## Your task
Please give the lines below again exactly as they stand, from the one that contains "on your Arduino." up to and including the one that contains "end,catch, sys = get_param(gcb,'FunctionName'); end", leaving all pictures out.

## Data to use

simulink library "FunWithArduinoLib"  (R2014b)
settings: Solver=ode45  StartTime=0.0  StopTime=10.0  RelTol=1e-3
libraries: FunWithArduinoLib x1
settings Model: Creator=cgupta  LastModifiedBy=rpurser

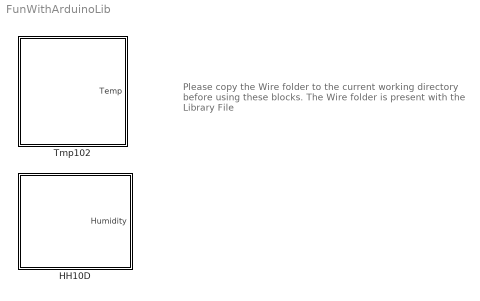
== system FunWithArduinoLib ==
  note: Please copy the Wire folder to the
      | current working directory before using
      | these blocks.
      |
      | The Wire folder is present with the Library File
  HH10D : Subsystem  mask(HH10D){interruptNum=1, sampleTime=1.2}
      mask prompts: interruptNum "Interrupt Number"; sampleTime "Sample Time"
      mask help:
      | This is the driver block for the sensor HH10D.
      | http://www.sparkfun.com/datasheets/Sensors/Temperature/HH10D.pdf
      |
      | The Interrupt Number is the interrupt you want to use on your Arduino.
      | (Arduino Uno has interrupts 0 & 1) 0 - pin D2 and 1 on pin D3
      |
      | Sample Time is the time at which you want to pull data from the Sensor.
      | This sensor needs a sample time of atleast 1 second to give meaningful data.
      mask Display: image('hh10d.jpg')
  Tmp102 : Subsystem  mask(TMP 102){deviceAddress=72, sampleTime=0.1}
      mask prompts: deviceAddress "Device Address"; sampleTime "Sample Time"
      mask help:
      | This is the driver block for Temperature Sensor TMP 102
      | http://www.sparkfun.com/datasheets/Sensors/Temperature/tmp102.pdf
      |
      | The Device Address is the i2C Address of the Temperature sensor that is by
      | default at 72.
      | You can also set the sample Time in seconds
      mask Display: image('Tmp102.jpg')

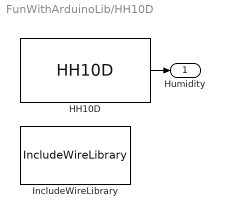
== system FunWithArduinoLib/HH10D ==
  HH10D : S-Function  InitFcn=try, set_param(gcb,'FunctionName','HH10D'), end  FunctionName=HH10D  Parameters=int8(1),1.2  SFunctionModules=HH10D_wrapper  EnableBusSupport=off  mask(S-Function Builder){}
      mask help: Simulink:masks:SFunctionBuilder_MD
      mask init:
      | val = [[.9  0.75 0.75 1 1 .9 .9 1]',[1 1 0.75 0.75 .9 .9 1 .9]'];try , sys = get_param(gcb,'SfunBuilderFcnName');if isempty(sys), sys = get_param(gcb,'FunctionName'); end,catch, sys = get_param(gcb,'FunctionName'); end
      settings: PreSaveFcn=try, set_param(gcb,'FunctionName','HH10D'), end  OpenFcn=sfunctionwizard(gcbh)
      mask Display: plot(val(:,1),val(:,2)),disp(sys), port_label('output',1,'Humidity')
  IncludeWireLibrary : FunWithArduinoLib/Tmp102/IncludeWireLibrary
  Humidity : Outport
  wires:
  HH10D/1 -> Humidity/1

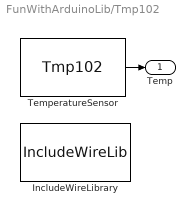
== system FunWithArduinoLib/Tmp102 ==
  IncludeWireLibrary : S-Function  InitFcn=try, set_param(gcb,'FunctionName','IncludeWireLib'), end  FunctionName=IncludeWireLib  SFunctionModules=IncludeWireLib_wrapper  EnableBusSupport=off  mask(S-Function Builder){}
      mask help: Simulink:masks:SFunctionBuilder_MD
      mask init: same as FunWithArduinoLib/HH10D/HH10D
      settings: PreSaveFcn=try, set_param(gcb,'FunctionName','IncludeWireLib'), end  OpenFcn=sfunctionwizard(gcbh)
      mask Display:
      | plot(val(:,1),val(:,2))
      | disp(sys)
  TemperatureSensor : S-Function  InitFcn=try, set_param(gcb,'FunctionName','Tmp102'), end  FunctionName=Tmp102  Parameters=int8(72),0.1  SFunctionModules=Tmp102_wrapper  EnableBusSupport=off  mask(S-Function Builder){}
      mask help: Simulink:masks:SFunctionBuilder_MD
      mask init: same as FunWithArduinoLib/HH10D/HH10D
      settings: PreSaveFcn=try, set_param(gcb,'FunctionName','Tmp102'), end  OpenFcn=sfunctionwizard(gcbh)
      mask Display: plot(val(:,1),val(:,2)),disp(sys), port_label('output',1,'Temp')
  Temp : Outport
  wires:
  TemperatureSensor/1 -> Temp/1

## Result
      | The Interrupt Number is the interrupt you want to use on your Arduino.
      | (Arduino Uno has interrupts 0 & 1) 0 - pin D2 and 1 on pin D3
      |
      | Sample Time is the time at which you want to pull data from the Sensor.
      | This sensor needs a sample time of atleast 1 second to give meaningful data.
      mask Display: image('hh10d.jpg')
  Tmp102 : Subsystem  mask(TMP 102){deviceAddress=72, sampleTime=0.1}
      mask prompts: deviceAddress "Device Address"; sampleTime "Sample Time"
      mask help:
      | This is the driver block for Temperature Sensor TMP 102
      | http://www.sparkfun.com/datasheets/Sensors/Temperature/tmp102.pdf
      |
      | The Device Address is the i2C Address of the Temperature sensor that is by
      | default at 72.
      | You can also set the sample Time in seconds
      mask Display: image('Tmp102.jpg')

== system FunWithArduinoLib/HH10D ==
  HH10D : S-Function  InitFcn=try, set_param(gcb,'FunctionName','HH10D'), end  FunctionName=HH10D  Parameters=int8(1),1.2  SFunctionModules=HH10D_wrapper  EnableBusSupport=off  mask(S-Function Builder){}
      mask help: Simulink:masks:SFunctionBuilder_MD
      mask init:
      | val = [[.9  0.75 0.75 1 1 .9 .9 1]',[1 1 0.75 0.75 .9 .9 1 .9]'];try , sys = get_param(gcb,'SfunBuilderFcnName');if isempty(sys), sys = get_param(gcb,'FunctionName'); end,catch, sys = get_param(gcb,'FunctionName'); end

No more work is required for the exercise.